BEGIN DATASET RECORDS

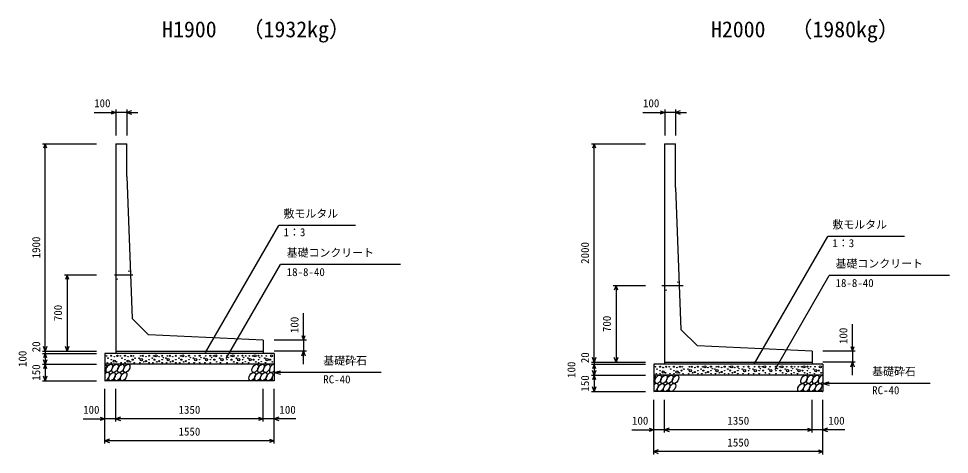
# Model space of a CAD drawing. Units: millimetres, scale not verified. Extents: x -67200 to 67200, y -23760 to 23760.
# Drawn here: x 29523 to 38045, y 4849 to 8840 of the extents above; entities that cross this region are included whole.
import ezdxf
from ezdxf.enums import TextEntityAlignment as Align

# ---------------------------------------------------------------- set-up
doc = ezdxf.new("R2010")
doc.units = ezdxf.units.MM
doc.header["$LTSCALE"] = 80
doc.linetypes.add('CHAIN1', pattern=[8, 5, -1, 1, -1])
doc.linetypes.add('DOTTED', pattern=[1.75, 0.25, -1.5])
for name, color, linetype, lineweight in [('0-0_CENTER', 7, 'CHAIN1', 25), ('0-1_DIM', 7, 'Continuous', 25), ('0-3_HATCH', 6, 'Continuous', 25), ('0-6_OUTLINE', 1, 'Continuous', 25), ('0-7_OUTLINE2', 4, 'DOTTED', 25), ('0-8_TXT', 7, 'Continuous', 25)]:
    doc.layers.add(name, color=color, linetype=linetype, lineweight=lineweight)
doc.styles.add('ＭＳ ゴシック', font='')
doc.styles.get('ＭＳ ゴシック').set_extended_font_data('MS Gothic')

msp = doc.modelspace()

# ---------------------------------------------------------------- linework, layer by layer
at = {"layer": '0-0_CENTER'}
for p, q in [((30399.4, 6494.21), (30567.2, 6494.21)), ((35411.92, 6394.21), (35608.83, 6394.21))]:
    msp.add_line(p, q, dxfattribs=at)
at = {"layer": '0-1_DIM'}
for p, q in [((30213.49, 7981.1), (30413.04, 7981.1)), ((30413.04, 8006.1), (30413.04, 7769.21)), ((30513.04, 7981.1), (30413.04, 7981.1)), ((30513.04, 8006.1), (30513.04, 7769.21)), ((30513.04, 7981.1), (30613.04, 7981.1)), ((35238.85, 7981.1), (35438.39, 7981.1)), ((35438.39, 8006.1), (35438.39, 7769.21)), ((35538.39, 7981.1), (35438.39, 7981.1)), ((35538.39, 8006.1), (35538.39, 7769.21)), ((35538.39, 7981.1), (35638.39, 7981.1)), ((29742.32, 7694.21), (30237.32, 7694.21)), ((29767.32, 5794.21), (29767.32, 7694.21)), ((34767.68, 7694.21), (35262.68, 7694.21)), ((34792.68, 5694.21), (34792.68, 7694.21)), ((31234.47, 5782.31), (31905.74, 6944.99)), ((32608.15, 6944.99), (31905.74, 6944.99)), ((36259.82, 5682.31), (36931.09, 6844.99)), ((37633.51, 6844.99), (36931.09, 6844.99)), ((31423.95, 5727.92), (31920.22, 6587.48)), ((33019.76, 6587.48), (31920.22, 6587.48)), ((29942.32, 6494.21), (30237.32, 6494.21)), ((29967.32, 6494.21), (29967.32, 5794.21)), ((36449.3, 5627.92), (36945.57, 6487.48)), ((38045.12, 6487.48), (36945.57, 6487.48)), ((34967.68, 6394.21), (35262.68, 6394.21)), ((34992.68, 6394.21), (34992.68, 5694.21)), ((32132.32, 5894.21), (32132.32, 6141.9)), ((37157.68, 5794.21), (37157.68, 6041.9)), ((32157.32, 5894.21), (31862.32, 5894.21)), ((32132.32, 5894.21), (32132.32, 5794.21)), ((29742.32, 5794.21), (30237.32, 5794.21)), ((29742.32, 5774.21), (30237.32, 5774.21)), ((29767.32, 5794.21), (29767.32, 5774.21)), ((29767.32, 5774.21), (29767.32, 5674.21)), ((32157.32, 5794.21), (31862.32, 5794.21)), ((32132.32, 5674.21), (32132.32, 5794.21)), ((37182.68, 5794.21), (36887.68, 5794.21)), ((37157.68, 5794.21), (37157.68, 5694.21)), ((29742.32, 5674.21), (30237.32, 5674.21)), ((29767.32, 5674.21), (29767.32, 5524.21)), ((34767.68, 5694.21), (35262.68, 5694.21)), ((34767.68, 5674.21), (35262.68, 5674.21)), ((34792.68, 5694.21), (34792.68, 5674.21)), ((34792.68, 5674.21), (34792.68, 5574.21)), ((37182.68, 5694.21), (36887.68, 5694.21)), ((37157.68, 5574.21), (37157.68, 5694.21)), ((31862.32, 5599.21), (31920.28, 5614.74)), ((32842.64, 5599.21), (31862.32, 5599.21)), ((31862.32, 5599.21), (31920.28, 5583.68)), ((34767.68, 5574.21), (35262.68, 5574.21)), ((34792.68, 5574.21), (34792.68, 5424.21)), ((29742.32, 5524.21), (30237.32, 5524.21)), ((36887.68, 5499.21), (36945.63, 5514.74)), ((37868, 5499.21), (36887.68, 5499.21)), ((36887.68, 5499.21), (36945.63, 5483.68)), ((30312.32, 4949.21), (30312.32, 5449.21)), ((30412.32, 5149.21), (30412.32, 5449.21)), ((31762.32, 5149.21), (31762.32, 5449.21)), ((31762.32, 5149.21), (31762.32, 5449.21)), ((31862.32, 4949.21), (31862.32, 5449.21)), ((34767.68, 5424.21), (35262.68, 5424.21)), ((35337.68, 4849.21), (35337.68, 5349.21)), ((35437.68, 5049.21), (35437.68, 5349.21)), ((36787.68, 5049.21), (36787.68, 5349.21)), ((36787.68, 5049.21), (36787.68, 5349.21)), ((36887.68, 4849.21), (36887.68, 5349.21)), ((30112.78, 5174.21), (30312.32, 5174.21)), ((30412.32, 5174.21), (30312.32, 5174.21)), ((31762.32, 5174.21), (30412.32, 5174.21)), ((31862.32, 5174.21), (31762.32, 5174.21)), ((32061.87, 5174.21), (31862.32, 5174.21)), ((35138.13, 5074.21), (35337.68, 5074.21)), ((35437.68, 5074.21), (35337.68, 5074.21)), ((36787.68, 5074.21), (35437.68, 5074.21)), ((36887.68, 5074.21), (36787.68, 5074.21)), ((37087.22, 5074.21), (36887.68, 5074.21)), ((31862.32, 4974.21), (30312.32, 4974.21)), ((36887.68, 4874.21), (35337.68, 4874.21))]:
    msp.add_line(p, q, dxfattribs=at)
for points in [[(30370.75, 7996.49), (30413.04, 7981.1), (30370.75, 7965.71)], [(30555.32, 7996.49), (30513.04, 7981.1), (30555.32, 7965.71)], [(35396.11, 7996.49), (35438.39, 7981.1), (35396.11, 7965.71)], [(35580.68, 7996.49), (35538.39, 7981.1), (35580.68, 7965.71)], [(29782.71, 7651.92), (29767.32, 7694.21), (29751.93, 7651.92)], [(34808.07, 7651.92), (34792.68, 7694.21), (34777.29, 7651.92)], [(29982.71, 6451.92), (29967.32, 6494.21), (29951.93, 6451.92)], [(35008.07, 6351.92), (34992.68, 6394.21), (34977.29, 6351.92)], [(32116.93, 5936.49), (32132.32, 5894.21), (32147.71, 5936.49)], [(29782.71, 5836.49), (29767.32, 5794.21), (29751.93, 5836.49)], [(29982.71, 5836.49), (29967.32, 5794.21), (29951.93, 5836.49)], [(37142.29, 5836.49), (37157.68, 5794.21), (37173.07, 5836.49)], [(29782.71, 5731.92), (29767.32, 5774.21), (29751.93, 5731.92)], [(29782.71, 5716.49), (29767.32, 5674.21), (29751.93, 5716.49)], [(32116.93, 5751.92), (32132.32, 5794.21), (32147.71, 5751.92)], [(34808.07, 5736.49), (34792.68, 5694.21), (34777.29, 5736.49)], [(35008.07, 5736.49), (34992.68, 5694.21), (34977.29, 5736.49)], [(29782.71, 5631.92), (29767.32, 5674.21), (29751.93, 5631.92)], [(34808.07, 5631.92), (34792.68, 5674.21), (34777.29, 5631.92)], [(37142.29, 5651.92), (37157.68, 5694.21), (37173.07, 5651.92)], [(29782.71, 5566.49), (29767.32, 5524.21), (29751.93, 5566.49)], [(34808.07, 5616.49), (34792.68, 5574.21), (34777.29, 5616.49)], [(34808.07, 5531.92), (34792.68, 5574.21), (34777.29, 5531.92)], [(34808.07, 5466.49), (34792.68, 5424.21), (34777.29, 5466.49)], [(30270.04, 5189.6), (30312.32, 5174.21), (30270.04, 5158.82)], [(30454.61, 5189.6), (30412.32, 5174.21), (30454.61, 5158.82)], [(31720.04, 5189.6), (31762.32, 5174.21), (31720.04, 5158.82)], [(31904.61, 5189.6), (31862.32, 5174.21), (31904.61, 5158.82)], [(35295.39, 5089.6), (35337.68, 5074.21), (35295.39, 5058.82)], [(35479.96, 5089.6), (35437.68, 5074.21), (35479.96, 5058.82)], [(36745.39, 5089.6), (36787.68, 5074.21), (36745.39, 5058.82)], [(36929.96, 5089.6), (36887.68, 5074.21), (36929.96, 5058.82)], [(30354.61, 4989.6), (30312.32, 4974.21), (30354.61, 4958.82)], [(31820.04, 4989.6), (31862.32, 4974.21), (31820.04, 4958.82)], [(35379.96, 4889.6), (35337.68, 4874.21), (35379.96, 4858.82)], [(36845.39, 4889.6), (36887.68, 4874.21), (36845.39, 4858.82)]]:
    msp.add_lwpolyline(points, dxfattribs=at)
at = {"layer": '0-3_HATCH'}
for centre, radius in [((30328.29, 5751.38), 2.5), ((30342.31, 5730.37), 2.5), ((30371.18, 5752.26), 5), ((30371.18, 5716.37), 2.5), ((30399.22, 5703.23), 10), ((30399.22, 5744.38), 2.5), ((30427.26, 5751.38), 5), ((30454.39, 5751.38), 2.5), ((30468.41, 5730.37), 2.5), ((30497.29, 5752.26), 5), ((30497.29, 5716.37), 2.5), ((30525.33, 5703.23), 10), ((30525.33, 5744.38), 2.5), ((30553.36, 5751.38), 5), ((30567.38, 5716.37), 5), ((30574.39, 5751.38), 2.5), ((30588.41, 5730.37), 2.5), ((30626.23, 5730.37), 2.5), ((30647.26, 5716.37), 10), ((30640.25, 5751.38), 2.5), ((30661.28, 5751.38), 5), ((30689.32, 5744.38), 2.5), ((30717.35, 5752.26), 5), ((30717.35, 5716.37), 2.5), ((30746.23, 5730.37), 2.5), ((30760.25, 5751.38), 2.5), ((30767.26, 5716.37), 5), ((30781.28, 5751.38), 10), ((30809.32, 5744.38), 2.5), ((30837.35, 5752.26), 5), ((30837.35, 5716.37), 2.5), ((30848.69, 5734.69), 2.5), ((30871.45, 5730.37), 2.5), ((30892.48, 5716.37), 10), ((30885.47, 5751.38), 2.5), ((30906.5, 5751.38), 5), ((30934.54, 5744.38), 2.5), ((30962.58, 5752.26), 5), ((30962.58, 5716.37), 2.5), ((30991.45, 5730.37), 2.5), ((31005.47, 5751.38), 2.5), ((31012.48, 5716.37), 5), ((31026.5, 5751.38), 10), ((31054.54, 5744.38), 2.5), ((31082.58, 5752.26), 5), ((31082.58, 5716.37), 2.5), ((31093.92, 5734.69), 2.5), ((31123.38, 5730.37), 2.5), ((31144.41, 5716.37), 10), ((31137.4, 5751.38), 2.5), ((31181.02, 5752.26), 5), ((31181.02, 5716.37), 2.5), ((31192.36, 5734.69), 2.5), ((31221.82, 5730.37), 2.5), ((31242.85, 5716.37), 10), ((31235.84, 5751.38), 2.5), ((31278.01, 5752.26), 5), ((31278.01, 5716.37), 2.5), ((31289.35, 5734.69), 2.5), ((31307.71, 5751.38), 2.5), ((31314.72, 5716.37), 5), ((31328.74, 5751.38), 10), ((31364.09, 5730.37), 2.5), ((31385.12, 5716.37), 10), ((31378.11, 5751.38), 2.5), ((31431.4, 5752.26), 5), ((31431.4, 5716.37), 2.5), ((31442.74, 5734.69), 2.5), ((31465.37, 5751.38), 2.5), ((31472.38, 5716.37), 5), ((31486.4, 5751.38), 10), ((31517.06, 5730.37), 2.5), ((31538.09, 5716.37), 10), ((31531.08, 5751.38), 2.5), ((31573.26, 5752.26), 5), ((31573.26, 5716.37), 2.5), ((31584.6, 5734.69), 2.5), ((31602.96, 5751.38), 2.5), ((31622.19, 5730.37), 2.5), ((31643.22, 5716.37), 10), ((31636.21, 5751.38), 2.5), ((31666.99, 5751.38), 2.5), ((31674.01, 5716.37), 5), ((31688.03, 5751.38), 10), ((31719.79, 5752.26), 5), ((31719.79, 5716.37), 2.5), ((31731.13, 5734.69), 2.5), ((31749.49, 5751.38), 2.5), ((31776.48, 5730.37), 2.5), ((31797.51, 5716.37), 10), ((31790.5, 5751.38), 2.5), ((31824.64, 5716.37), 5), ((31838.66, 5751.38), 10), ((30335.3, 5688.35), 2.5), ((30371.18, 5688.35), 2.5), ((30420.25, 5696.23), 2.5), ((30461.4, 5688.35), 2.5), ((30497.29, 5688.35), 2.5), ((30546.35, 5696.23), 2.5), ((30581.4, 5688.35), 2.5), ((30633.24, 5688.35), 2.5), ((30668.29, 5696.23), 2.5), ((30689.32, 5703.23), 5), ((30717.35, 5688.35), 2.5), ((30753.24, 5688.35), 2.5), ((30788.29, 5696.23), 2.5), ((30809.32, 5703.23), 5), ((30837.35, 5688.35), 2.5), ((30878.46, 5688.35), 2.5), ((30913.51, 5696.23), 2.5), ((30934.54, 5703.23), 5), ((30962.58, 5688.35), 2.5), ((30998.46, 5688.35), 2.5), ((31033.51, 5696.23), 2.5), ((31054.54, 5703.23), 5), ((31082.58, 5688.35), 2.5), ((31130.39, 5688.35), 2.5), ((31181.02, 5688.35), 2.5), ((31228.83, 5688.35), 2.5), ((31278.01, 5688.35), 2.5), ((31335.75, 5696.23), 2.5), ((31371.1, 5688.35), 2.5), ((31431.4, 5688.35), 2.5), ((31493.41, 5696.23), 2.5), ((31524.07, 5688.35), 2.5), ((31573.26, 5688.35), 2.5), ((31597.92, 5698.02), 2.5), ((31629.2, 5688.35), 2.5), ((31695.03, 5696.23), 2.5), ((31719.79, 5688.35), 2.5), ((31744.45, 5698.02), 2.5), ((31783.49, 5688.35), 2.5), ((31845.67, 5696.23), 2.5), ((35353.65, 5651.38), 2.5), ((35367.67, 5630.37), 2.5), ((35396.54, 5652.26), 5), ((35424.58, 5644.38), 2.5), ((35452.62, 5651.38), 5), ((35479.75, 5651.38), 2.5), ((35493.77, 5630.37), 2.5), ((35522.64, 5652.26), 5), ((35550.68, 5644.38), 2.5), ((35578.72, 5651.38), 5), ((35599.75, 5651.38), 2.5), ((35613.77, 5630.37), 2.5), ((35651.59, 5630.37), 2.5), ((35672.62, 5616.37), 10), ((35665.61, 5651.38), 2.5), ((35686.64, 5651.38), 5), ((35714.67, 5644.38), 2.5), ((35742.71, 5652.26), 5), ((35771.59, 5630.37), 2.5), ((35785.61, 5651.38), 2.5), ((35806.64, 5651.38), 10), ((35834.67, 5644.38), 2.5), ((35862.71, 5652.26), 5), ((35874.05, 5634.69), 2.5), ((35896.81, 5630.37), 2.5), ((35917.84, 5616.37), 10), ((35910.83, 5651.38), 2.5), ((35931.86, 5651.38), 5), ((35959.9, 5644.38), 2.5), ((35987.94, 5652.26), 5), ((36016.81, 5630.37), 2.5), ((36030.83, 5651.38), 2.5), ((36051.86, 5651.38), 10), ((36079.9, 5644.38), 2.5), ((36107.94, 5652.26), 5), ((36119.28, 5634.69), 2.5), ((36148.74, 5630.37), 2.5), ((36169.77, 5616.37), 10), ((36162.75, 5651.38), 2.5), ((36206.37, 5652.26), 5), ((36217.71, 5634.69), 2.5), ((36247.17, 5630.37), 2.5), ((36268.2, 5616.37), 10), ((36261.19, 5651.38), 2.5), ((36303.37, 5652.26), 5), ((36314.71, 5634.69), 2.5), ((36333.07, 5651.38), 2.5), ((36354.1, 5651.38), 10), ((36389.45, 5630.37), 2.5), ((36410.48, 5616.37), 10), ((36403.46, 5651.38), 2.5), ((36456.76, 5652.26), 5), ((36468.1, 5634.69), 2.5), ((36490.73, 5651.38), 2.5), ((36511.76, 5651.38), 10), ((36542.42, 5630.37), 2.5), ((36563.45, 5616.37), 10), ((36556.44, 5651.38), 2.5), ((36598.61, 5652.26), 5), ((36609.95, 5634.69), 2.5), ((36628.31, 5651.38), 2.5), ((36647.55, 5630.37), 2.5), ((36668.58, 5616.37), 10), ((36661.57, 5651.38), 2.5), ((36692.35, 5651.38), 2.5), ((36713.38, 5651.38), 10), ((36745.15, 5652.26), 5), ((36756.49, 5634.69), 2.5), ((36774.85, 5651.38), 2.5), ((36801.84, 5630.37), 2.5), ((36822.87, 5616.37), 10), ((36815.86, 5651.38), 2.5), ((36864.02, 5651.38), 10), ((35360.66, 5588.35), 2.5), ((35396.54, 5616.37), 2.5), ((35396.54, 5588.35), 2.5), ((35424.58, 5603.23), 10), ((35445.61, 5596.23), 2.5), ((35486.76, 5588.35), 2.5), ((35522.64, 5616.37), 2.5), ((35522.64, 5588.35), 2.5), ((35550.68, 5603.23), 10), ((35571.71, 5596.23), 2.5), ((35592.74, 5616.37), 5), ((35606.76, 5588.35), 2.5), ((35658.6, 5588.35), 2.5), ((35693.64, 5596.23), 2.5), ((35714.67, 5603.23), 5), ((35742.71, 5616.37), 2.5), ((35742.71, 5588.35), 2.5), ((35778.6, 5588.35), 2.5), ((35792.62, 5616.37), 5), ((35813.64, 5596.23), 2.5), ((35834.67, 5603.23), 5), ((35862.71, 5616.37), 2.5), ((35862.71, 5588.35), 2.5), ((35903.82, 5588.35), 2.5), ((35938.87, 5596.23), 2.5), ((35959.9, 5603.23), 5), ((35987.94, 5616.37), 2.5), ((35987.94, 5588.35), 2.5), ((36023.82, 5588.35), 2.5), ((36037.84, 5616.37), 5), ((36058.87, 5596.23), 2.5), ((36079.9, 5603.23), 5), ((36107.94, 5616.37), 2.5), ((36107.94, 5588.35), 2.5), ((36155.75, 5588.35), 2.5), ((36206.37, 5616.37), 2.5), ((36206.37, 5588.35), 2.5), ((36254.18, 5588.35), 2.5), ((36303.37, 5616.37), 2.5), ((36303.37, 5588.35), 2.5), ((36340.08, 5616.37), 5), ((36361.11, 5596.23), 2.5), ((36396.46, 5588.35), 2.5), ((36456.76, 5616.37), 2.5), ((36456.76, 5588.35), 2.5), ((36497.74, 5616.37), 5), ((36518.77, 5596.23), 2.5), ((36549.43, 5588.35), 2.5), ((36598.61, 5616.37), 2.5), ((36598.61, 5588.35), 2.5), ((36623.27, 5598.02), 2.5), ((36654.56, 5588.35), 2.5), ((36699.36, 5616.37), 5), ((36720.39, 5596.23), 2.5), ((36745.15, 5616.37), 2.5), ((36745.15, 5588.35), 2.5), ((36769.81, 5598.02), 2.5), ((36808.85, 5588.35), 2.5), ((36850, 5616.37), 5), ((36871.03, 5596.23), 2.5)]:
    msp.add_circle(centre, radius, dxfattribs=at)
for centre, start_param, end_param in [((30299.96, 5636.7), 4.385593, 6.6745444), ((31848.46, 5636.7), 0.3357715, 4.4411806), ((30325.28, 5561.71), 3.5111464, 7.548991), ((31873.78, 5561.71), 1.2110787, 3.5658734), ((35325.31, 5536.7), 4.385593, 6.6745444), ((36873.82, 5536.7), 0.3357715, 4.4411806), ((35350.63, 5461.71), 3.5111464, 7.548991), ((36899.14, 5461.71), 1.2110787, 3.5658734)]:
    msp.add_ellipse(centre, major_axis=(21.81, 35.31), ratio=0.5792, start_param=start_param, end_param=end_param, dxfattribs=at)
for centre in [(30353.17, 5636.7), (30406.37, 5636.7), (30459.58, 5636.7), (30512.79, 5636.7), (31688.84, 5636.7), (31742.05, 5636.7), (31795.25, 5636.7), (30378.49, 5561.71), (30431.69, 5561.71), (30484.9, 5561.71), (31660.95, 5561.71), (31714.16, 5561.71), (31767.37, 5561.71), (31820.57, 5561.71), (35378.52, 5536.7), (35431.73, 5536.7), (35484.94, 5536.7), (35538.15, 5536.7), (36714.19, 5536.7), (36767.4, 5536.7), (36820.61, 5536.7), (35403.84, 5461.71), (35457.05, 5461.71), (35510.26, 5461.71), (36686.31, 5461.71), (36739.51, 5461.71), (36792.72, 5461.71), (36845.93, 5461.71)]:
    msp.add_ellipse(centre, major_axis=(21.81, 35.31), ratio=0.5792, dxfattribs=at)
at = {"layer": '0-6_OUTLINE'}
for p, q in [((30412.32, 7694.21), (30512.32, 7694.21)), ((30412.32, 7694.21), (30412.32, 5774.21)), ((30512.32, 7394.21), (30512.32, 7694.21)), ((35437.68, 7694.21), (35537.68, 7694.21)), ((35437.68, 7694.21), (35437.68, 5674.21)), ((35537.68, 7294.21), (35537.68, 7694.21)), ((30512.32, 7394.21), (30562.32, 6094.21)), ((35537.68, 7294.21), (35587.68, 5994.21)), ((30562.32, 6094.21), (30712.32, 5944.21)), ((35587.68, 5994.21), (35737.68, 5844.21)), ((31762.32, 5894.21), (30712.32, 5944.21)), ((31762.32, 5894.21), (31762.32, 5774.21)), ((36787.68, 5794.21), (35737.68, 5844.21)), ((30412.32, 5794.21), (31762.32, 5794.21)), ((31862.32, 5774.21), (31862.32, 5524.21)), ((36787.68, 5794.21), (36787.68, 5674.21)), ((31862.32, 5674.21), (30312.32, 5674.21)), ((35437.68, 5694.21), (36787.68, 5694.21)), ((36887.68, 5674.21), (36887.68, 5424.21)), ((36887.68, 5574.21), (35337.68, 5574.21)), ((31862.32, 5524.21), (30312.32, 5524.21)), ((36887.68, 5424.21), (35337.68, 5424.21))]:
    msp.add_line(p, q, dxfattribs=at)
for points in [[(31862.32, 5774.21), (30312.32, 5774.21), (30312.32, 5524.21)], [(36887.68, 5674.21), (35337.68, 5674.21), (35337.68, 5424.21)]]:
    msp.add_lwpolyline(points, dxfattribs=at)
at = {"layer": '0-7_OUTLINE2'}
for p, q in [((30545.78, 6524.21), (30412.32, 6534.21)), ((30412.32, 6454.21), (30548.09, 6464.21)), ((35571.14, 6424.21), (35437.68, 6434.21)), ((35437.68, 6354.21), (35573.45, 6364.21))]:
    msp.add_line(p, q, dxfattribs=at)

# ---------------------------------------------------------------- texts
at = {"layer": '0-1_DIM', "style": 'ＭＳ ゴシック'}
for s, p in [('100', (30214.4, 8006.1)), ('100', (35239.75, 8006.1)), ('敷モルタル', (31948.59, 6994.99)), ('敷モルタル', (36973.94, 6894.99)), ('1：3', (31948.59, 6824.87)), ('1：3', (36973.94, 6724.87)), ('基礎コンクリート', (31977.47, 6637.48)), ('基礎コンクリート', (37002.83, 6537.48)), ('18-8-40', (31977.47, 6459.85)), ('18-8-40', (37002.83, 6359.85)), ('基礎砕石', (32312.57, 5649.21)), ('基礎砕石', (37337.93, 5549.21)), ('RC-40', (32312.57, 5477.83)), ('RC-40', (37337.93, 5377.83)), ('100', (30113.68, 5199.21)), ('1350', (30987.32, 5199.21)), ('100', (31910.96, 5199.21)), ('100', (35139.04, 5099.21)), ('1350', (36012.68, 5099.21)), ('100', (36936.32, 5099.21)), ('1550', (30987.32, 4999.21)), ('1550', (36012.68, 4899.21))]:
    msp.add_text(s, height=73.31, dxfattribs=at).set_placement(p, align=Align.BOTTOM_LEFT)
for s, p in [('1900', (29742.32, 6644.21)), ('2000', (34767.68, 6594.21)), ('700', (29942.32, 6069.21)), ('100', (32107.32, 5959.85)), ('700', (34967.68, 5969.21)), ('100', (37132.68, 5859.85)), ('20', (29742.32, 5784.27)), ('100', (29617.32, 5649.21)), ('20', (34767.68, 5684.27)), ('150', (29742.32, 5524.21)), ('100', (34642.68, 5549.21)), ('150', (34767.68, 5424.21))]:
    msp.add_text(s, height=73.31, rotation=90, dxfattribs=at).set_placement(p, align=Align.BOTTOM_LEFT)
at = {"layer": '0-8_TXT', "style": 'ＭＳ ゴシック'}
for s, p in [('H1900', (30837.32, 8624.45)), ('（1932kg）', (31565.94, 8624.45)), ('H2000', (35862.68, 8624.45)), ('（1980kg）', (36591.3, 8624.45))]:
    msp.add_text(s, height=146.6, dxfattribs=at).set_placement(p, align=Align.BOTTOM_LEFT)

doc.saveas('drawing.dxf')

END DATASET RECORDS

* **DIRECTIONS**:
Without any pictures, reproduce the lines from the first one in the material through the line that has "color=color, linetype=linetype, lineweight=lineweight)", exactly as they appear.

* **ANSWER SECTION**:
# Model space of a CAD drawing. Units: millimetres, scale not verified. Extents: x -67200 to 67200, y -23760 to 23760.
# Drawn here: x 29523 to 38045, y 4849 to 8840 of the extents above; entities that cross this region are included whole.
import ezdxf
from ezdxf.enums import TextEntityAlignment as Align

# ---------------------------------------------------------------- set-up
doc = ezdxf.new("R2010")
doc.units = ezdxf.units.MM
doc.header["$LTSCALE"] = 80
doc.linetypes.add('CHAIN1', pattern=[8, 5, -1, 1, -1])
doc.linetypes.add('DOTTED', pattern=[1.75, 0.25, -1.5])
for name, color, linetype, lineweight in [('0-0_CENTER', 7, 'CHAIN1', 25), ('0-1_DIM', 7, 'Continuous', 25), ('0-3_HATCH', 6, 'Continuous', 25), ('0-6_OUTLINE', 1, 'Continuous', 25), ('0-7_OUTLINE2', 4, 'DOTTED', 25), ('0-8_TXT', 7, 'Continuous', 25)]:
    doc.layers.add(name, color=color, linetype=linetype, lineweight=lineweight)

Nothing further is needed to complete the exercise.